C->S PLAY rtsp://video.foocorp.com:554/streams/example.rm RTSP/1.0 Cseq: 4 Session: 12345678 S->C RTSP/1.0 200 OK Cseq: 4
Once the client decides that the stream can be stopped, a TEARDOWN command is issued over the RTSP connection referenced only by the Session ID. The server again acknowledges this and the RTP delivery will cease.
C->S TEARDOWN rtsp://video.foocorp.com:554/streams/example.rm RTSP/1.0 Cseq: 5 Session: 12345678 S->C RTSP/1.0 200 OK Cseq: 5
Figure 3-8 shows this example in a simplified graphic form.
Figure 3-8. An example of RTSP in action with the video and audio data being delivered over a separate UDP-based RTP stream.
Other Options for Data Delivery
In certain scenarios, the best-effort, dynamic port methods of UDP-based RTP, as described previously, are not suitable. Some environments might consider the allocation of dynamic source and destination UDP ports through firewalls to be something they can live happily without. Moreover, just the nature of the Layer 1 and Layer 2 transport mechanisms underlying the data delivery might not be suited to nonguaranteed UDP traffic. In either instance, RTSP allows for the negotiation of the RTP delivery of the media data to be interleaved into the existing TCP connection.
When interleaving, the client-to-server SETUP command has the following format:
C->S SETUP rtsp://video.foocorp.com:554/streams/example.rm RTSP/1.0 Cseq: 3 Transport: rtp/avp/tcp; interleaved=0-1
The changeover in the preceding example is in the transport description. First, the transport mechanisms have changed to show that the RTP delivery must be over TCP rather than UDP. Second, the addition of the interleaved option shows that the RTP data should be interleaved and use channel identifiers 0 and 1—0 will be used for the RTP data and 1 will be used for the RTCP messages. To confirm the transport setup, the server will respond with confirmation and a Session ID as before:
S->C RTSP/1.0 200 OK Cseq: 3 Session: 12345678 Transport: rtp/ avp/tcp; interleaved=0-1
The RTP and RTCP data can now be transmitted over the existing RTSP TCP connection with the server using the 0 and 1 identifiers to represent the relevant channel.
One further delivery option for RTP and RTCP under RTSP is to wrap the delivery of all media streaming components inside traditional HTTP frame formats. This removes most barriers presented when using streaming media through firewalled environments, as even the most stringent administrator will typically allow HTTP traffic to traverse perimeter security. While HTTP and RTSP interleaved delivery of the streamed media data will make the content available to the widest possible audience, when you consider the overhead of wrapping all RTP data inside either an existing TCP stream or, worse still, inside HTTP, it is the least efficient method for delivery.
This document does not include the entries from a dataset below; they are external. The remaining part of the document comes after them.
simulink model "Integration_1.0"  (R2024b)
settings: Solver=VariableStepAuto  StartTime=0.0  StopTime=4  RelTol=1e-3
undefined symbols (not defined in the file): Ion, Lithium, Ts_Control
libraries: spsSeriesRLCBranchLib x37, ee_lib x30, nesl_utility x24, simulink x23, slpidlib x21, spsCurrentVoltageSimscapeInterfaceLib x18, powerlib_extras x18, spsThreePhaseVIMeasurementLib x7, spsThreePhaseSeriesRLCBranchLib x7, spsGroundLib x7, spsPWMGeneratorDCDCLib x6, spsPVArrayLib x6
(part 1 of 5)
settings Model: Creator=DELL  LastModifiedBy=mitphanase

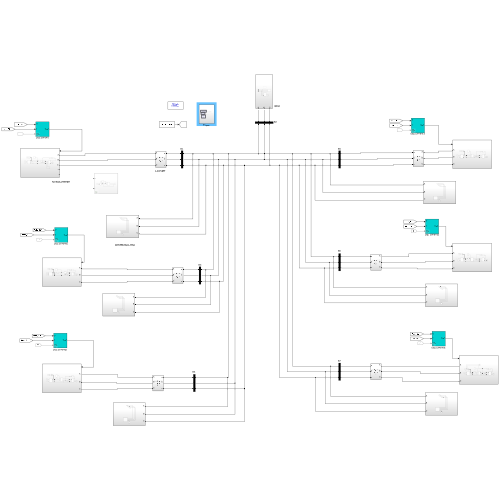
[thumbnail: Simulink's stored preview of the top-level diagram]
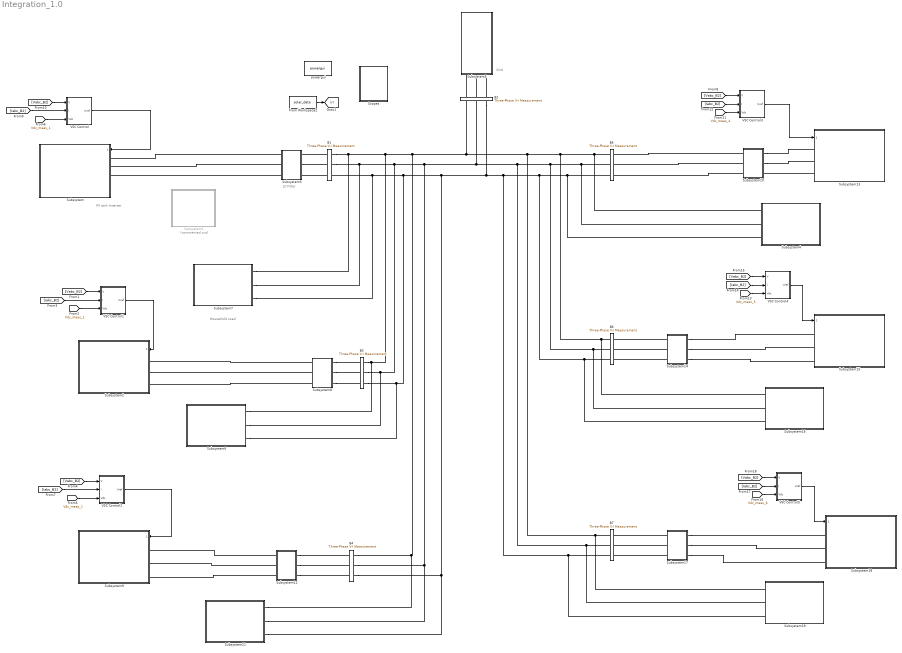
== system Integration_1.0 ==
  note: Household Load
  note: LC Filter
  note: Grid
  note: PV with Inverter
  B1 : spsThreePhaseVIMeasurementLib/Three-Phase V-I Measurement  VoltageMeasurement=phase-to-phase  SetLabelV=on  LabelV=Vabc_B1  Vpu=off  VpuLL=off  CurrentMeasurement=yes  SetLabelI=on  LabelI=Iabc_B1  Ipu=off  Pbase=100e6  Vbase=1000  OutputType=Magnitude  PhasorSimulation=off  PSBequivalent=0
  B2 : spsThreePhaseVIMeasurementLib/Three-Phase V-I Measurement  VoltageMeasurement=phase-to-phase  SetLabelV=on  LabelV=Vabc_B2  Vpu=off  VpuLL=off  CurrentMeasurement=yes  SetLabelI=on  LabelI=Iabc_B2  Ipu=off  Pbase=100e6  Vbase=500e3  OutputType=Magnitude  PhasorSimulation=off  PSBequivalent=0
  B3 : spsThreePhaseVIMeasurementLib/Three-Phase V-I Measurement  VoltageMeasurement=phase-to-phase  SetLabelV=on  LabelV=Vabc_B3  Vpu=off  VpuLL=off  CurrentMeasurement=yes  SetLabelI=on  LabelI=Iabc_B3  Ipu=off  Pbase=100e6  Vbase=1000  OutputType=Magnitude  PhasorSimulation=off  PSBequivalent=0
  B4 : spsThreePhaseVIMeasurementLib/Three-Phase V-I Measurement  VoltageMeasurement=phase-to-phase  SetLabelV=on  LabelV=Vabc_B4  Vpu=off  VpuLL=off  CurrentMeasurement=yes  SetLabelI=on  LabelI=Iabc_B4  Ipu=off  Pbase=100e6  Vbase=1000  OutputType=Magnitude  PhasorSimulation=off  PSBequivalent=0
  B5 : spsThreePhaseVIMeasurementLib/Three-Phase V-I Measurement  VoltageMeasurement=phase-to-phase  SetLabelV=on  LabelV=Vabc_B5  Vpu=off  VpuLL=off  CurrentMeasurement=yes  SetLabelI=on  LabelI=Iabc_B5  Ipu=off  Pbase=100e6  Vbase=1000  OutputType=Magnitude  PhasorSimulation=off  PSBequivalent=0
  B6 : spsThreePhaseVIMeasurementLib/Three-Phase V-I Measurement  VoltageMeasurement=phase-to-phase  SetLabelV=on  LabelV=Vabc_B6  Vpu=off  VpuLL=off  CurrentMeasurement=yes  SetLabelI=on  LabelI=Iabc_B6  Ipu=off  Pbase=100e6  Vbase=1000  OutputType=Magnitude  PhasorSimulation=off  PSBequivalent=0
  B7 : spsThreePhaseVIMeasurementLib/Three-Phase V-I Measurement  VoltageMeasurement=phase-to-phase  SetLabelV=on  LabelV=Vabc_B7  Vpu=off  VpuLL=off  CurrentMeasurement=yes  SetLabelI=on  LabelI=Iabc_B7  Ipu=off  Pbase=100e6  Vbase=1000  OutputType=Magnitude  PhasorSimulation=off  PSBequivalent=0
  From Workspace2 : FromWorkspace  VariableName=solar_data  OutDataTypeStr=double  SampleTime=0.01
  Scopes : Subsystem
  Subsystem : Subsystem
  Subsystem1 : Subsystem  Commented=on
  Subsystem10 : Subsystem
  Subsystem11 : Subsystem
  Subsystem12 : Subsystem
  Subsystem13 : Subsystem
  Subsystem14 : Subsystem
  Subsystem15 : Subsystem
  Subsystem16 : Subsystem
  Subsystem17 : Subsystem
  Subsystem18 : Subsystem
  Subsystem19 : Subsystem
  Subsystem2 : Subsystem
  Subsystem3 : Subsystem
  Subsystem4 : Subsystem
  Subsystem5 : Subsystem
  Subsystem6 : Subsystem
  Subsystem7 : Subsystem
  Subsystem8 : Subsystem
  Subsystem9 : Subsystem
  VSC Control : Subsystem  mask(VSC Main Controller){nom=[ 17e3  50 ], Vnom=[ 400 400 ], Vnom_dc=600, RLxfo=[0  0 ], RLchoke=[0  0  ], K_VDCreg=[18  600], K_Ireg=[0.2 20], Ts=Ts_Control}
      mask prompts: nom "Nominal power and frequency [ Pnom(VA)  Fnom(Hz) ]:"; Vnom "Nominal primary and secondary voltages (Vrms LL) [ Vnom_prim   Vnom_sec ]:"; Vnom_dc "Nominal DC bus voltage (V):"; RLxfo "Total transformer leakage impedance (pu/Pnom) [ Rxfo  Lxf ]"; RLchoke "Choke impedance [ R(ohm) L(H) ]"; K_VDCreg "VDC regultator gains [ Kp  Ki ]:"; K_Ireg "Current regulator gains [ Kp  Ki ]:"; Ts "Sample time"
      mask init:
      | Pnom=nom(1);
      | Fnom=nom(2);
      | Vnom_prim=Vnom(1);
      | Vnom_sec=Vnom(2);
      | Zbase=Vnom_sec^2/Pnom;
      | Rtot_pu=RLxfo(1) + RLchoke(1)/Zbase;
      | Ltot_pu=RLxfo(2) + RLchoke(2)/(Zbase/(2*pi*Fnom));
      | Kp_VDCreg=K_VDCreg(1);
      | Ki_VDCreg=K_VDCreg(2);
      | Kp_Ireg=K_Ireg(1);
      | Ki_Ireg=K_Ireg(2);
      | Vdc_ref=Vnom_dc;
  VSC Control1 : Subsystem  mask(VSC Main Controller){nom=[ 5e3  50 ], Vnom=[ 400 400 ], Vnom_dc=600, RLxfo=[0  0 ], RLchoke=[0  0  ], K_VDCreg=[18  600], K_Ireg=[0.2 20], Ts=Ts_Control}
      mask prompts: nom "Nominal power and frequency [ Pnom(VA)  Fnom(Hz) ]:"; Vnom "Nominal primary and secondary voltages (Vrms LL) [ Vnom_prim   Vnom_sec ]:"; Vnom_dc "Nominal DC bus voltage (V):"; RLxfo "Total transformer leakage impedance (pu/Pnom) [ Rxfo  Lxf ]"; RLchoke "Choke impedance [ R(ohm) L(H) ]"; K_VDCreg "VDC regultator gains [ Kp  Ki ]:"; K_Ireg "Current regulator gains [ Kp  Ki ]:"; Ts "Sample time"
      mask init: same as Integration_1.0/VSC Control
  VSC Control2 : Subsystem  mask(VSC Main Controller){nom=[ 5e3  50 ], Vnom=[ 400 400 ], Vnom_dc=600, RLxfo=[0  0 ], RLchoke=[0  0  ], K_VDCreg=[18  600], K_Ireg=[0.2 20], Ts=Ts_Control}
      mask prompts: nom "Nominal power and frequency [ Pnom(VA)  Fnom(Hz) ]:"; Vnom "Nominal primary and secondary voltages (Vrms LL) [ Vnom_prim   Vnom_sec ]:"; Vnom_dc "Nominal DC bus voltage (V):"; RLxfo "Total transformer leakage impedance (pu/Pnom) [ Rxfo  Lxf ]"; RLchoke "Choke impedance [ R(ohm) L(H) ]"; K_VDCreg "VDC regultator gains [ Kp  Ki ]:"; K_Ireg "Current regulator gains [ Kp  Ki ]:"; Ts "Sample time"
      mask init: same as Integration_1.0/VSC Control
  VSC Control3 : Subsystem  mask(VSC Main Controller){nom=[ 12.5e3  50 ], Vnom=[ 400 400 ], Vnom_dc=600, RLxfo=[0  0 ], RLchoke=[0  0  ], K_VDCreg=[18  600], K_Ireg=[0.2 20], Ts=Ts_Control}
      mask prompts: nom "Nominal power and frequency [ Pnom(VA)  Fnom(Hz) ]:"; Vnom "Nominal primary and secondary voltages (Vrms LL) [ Vnom_prim   Vnom_sec ]:"; Vnom_dc "Nominal DC bus voltage (V):"; RLxfo "Total transformer leakage impedance (pu/Pnom) [ Rxfo  Lxf ]"; RLchoke "Choke impedance [ R(ohm) L(H) ]"; K_VDCreg "VDC regultator gains [ Kp  Ki ]:"; K_Ireg "Current regulator gains [ Kp  Ki ]:"; Ts "Sample time"
      mask init: same as Integration_1.0/VSC Control
  VSC Control4 : Subsystem  mask(VSC Main Controller){nom=[ 8.5e3  50 ], Vnom=[ 400 400 ], Vnom_dc=600, RLxfo=[0  0 ], RLchoke=[0  0  ], K_VDCreg=[18  600], K_Ireg=[0.2 20], Ts=Ts_Control}
      mask prompts: nom "Nominal power and frequency [ Pnom(VA)  Fnom(Hz) ]:"; Vnom "Nominal primary and secondary voltages (Vrms LL) [ Vnom_prim   Vnom_sec ]:"; Vnom_dc "Nominal DC bus voltage (V):"; RLxfo "Total transformer leakage impedance (pu/Pnom) [ Rxfo  Lxf ]"; RLchoke "Choke impedance [ R(ohm) L(H) ]"; K_VDCreg "VDC regultator gains [ Kp  Ki ]:"; K_Ireg "Current regulator gains [ Kp  Ki ]:"; Ts "Sample time"
      mask init: same as Integration_1.0/VSC Control
  VSC Control5 : Subsystem  mask(VSC Main Controller){nom=[ 5e3  50 ], Vnom=[ 400 400 ], Vnom_dc=600, RLxfo=[0  0 ], RLchoke=[0  0  ], K_VDCreg=[18  600], K_Ireg=[0.2 20], Ts=Ts_Control}
      mask prompts: nom "Nominal power and frequency [ Pnom(VA)  Fnom(Hz) ]:"; Vnom "Nominal primary and secondary voltages (Vrms LL) [ Vnom_prim   Vnom_sec ]:"; Vnom_dc "Nominal DC bus voltage (V):"; RLxfo "Total transformer leakage impedance (pu/Pnom) [ Rxfo  Lxf ]"; RLchoke "Choke impedance [ R(ohm) L(H) ]"; K_VDCreg "VDC regultator gains [ Kp  Ki ]:"; K_Ireg "Current regulator gains [ Kp  Ki ]:"; Ts "Sample time"
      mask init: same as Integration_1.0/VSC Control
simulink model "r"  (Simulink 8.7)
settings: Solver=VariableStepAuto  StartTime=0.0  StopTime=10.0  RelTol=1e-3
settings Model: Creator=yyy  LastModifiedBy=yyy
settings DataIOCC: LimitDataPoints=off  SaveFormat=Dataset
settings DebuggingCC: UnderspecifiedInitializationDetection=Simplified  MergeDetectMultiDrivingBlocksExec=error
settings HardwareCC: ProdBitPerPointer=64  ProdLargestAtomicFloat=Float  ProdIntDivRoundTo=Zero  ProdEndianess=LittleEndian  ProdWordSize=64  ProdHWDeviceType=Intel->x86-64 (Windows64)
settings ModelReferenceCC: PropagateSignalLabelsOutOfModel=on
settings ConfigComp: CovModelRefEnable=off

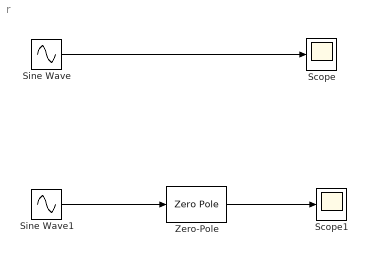
== system r ==
  Scope : Scope
  Scope1 : Scope
  Sine Wave : Sin  Amplitude=2  Bias=0.5  Frequency=0.4*pi  SampleTime=0
  Sine Wave1 : Sin  Amplitude=2  Bias=0.5  Frequency=0.4*pi  SampleTime=0
  Zero-Pole : ZeroPole  Zeros=[0]  Poles=[-2]
  wires:
  Sine Wave/1 -> Scope/1
  Sine Wave1/1 -> Zero-Pole/1
  Zero-Pole/1 -> Scope1/1
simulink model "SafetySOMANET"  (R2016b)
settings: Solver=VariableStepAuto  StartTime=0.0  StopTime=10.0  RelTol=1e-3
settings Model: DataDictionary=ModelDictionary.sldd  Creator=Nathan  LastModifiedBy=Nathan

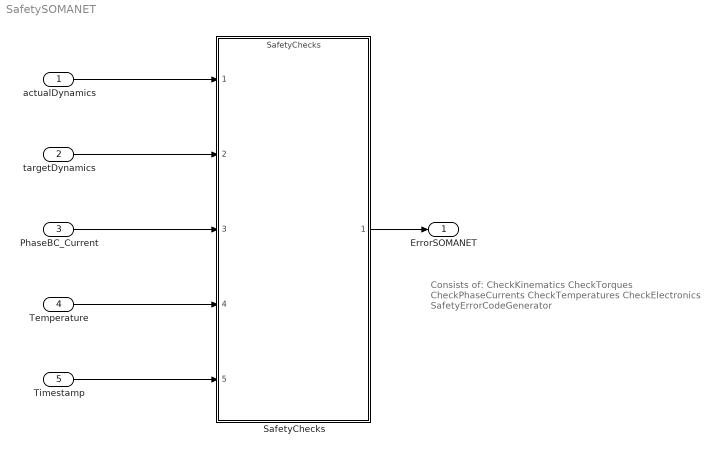
== system SafetySOMANET ==
  note: Consists of:
      | CheckKinematics
      | CheckTorques
      | CheckPhaseCurrents
      | CheckTemperatures
      | CheckElectronics
      | SafetyErrorCodeGenerator
  actualDynamics : Inport  OutDataTypeStr=Bus: actualDynamics  BusOutputAsStruct=on
  targetDynamics : Inport  Port=2  OutDataTypeStr=Bus: targetDynamics  BusOutputAsStruct=on
  PhaseBC_Current : Inport  Port=3  OutDataTypeStr=Bus: PhaseBC_Current  BusOutputAsStruct=on
  Temperature : Inport  Port=4  BusOutputAsStruct=on
  Timestamp : Inport  Port=5  BusOutputAsStruct=on
  SafetyChecks : ModelReference  ModelNameDialog=SafetyChecks.slx  SimulationMode=Normal  ModelReferenceVersion=1.15
  ErrorSOMANET : Outport
  wires:
  SafetyChecks/1 -> ErrorSOMANET/1
  actualDynamics/1 -> SafetyChecks/1
  targetDynamics/1 -> SafetyChecks/2
  PhaseBC_Current/1 -> SafetyChecks/3
  Temperature/1 -> SafetyChecks/4
  Timestamp/1 -> SafetyChecks/5

To enable the streaming media client browser to cope with the different options described previously, most offer the client users the ability to configure their preferred delivery mechanism or mechanisms, and the timeout that should be imposed in failing between them. What you will see from a client perspective is that the client application will first request that the stream be delivered using RTP in UDP, and if the stream does not arrive within x seconds (as it is potentially being blocked by an intermediate firewall), it will fail back to using RTP interleaved in the existing RTSP connection.
RTSP and RTP—Further Reading
For further information on the RTSP and RTP protocols, RFCs 2326 and 1889, respectively, are a good source.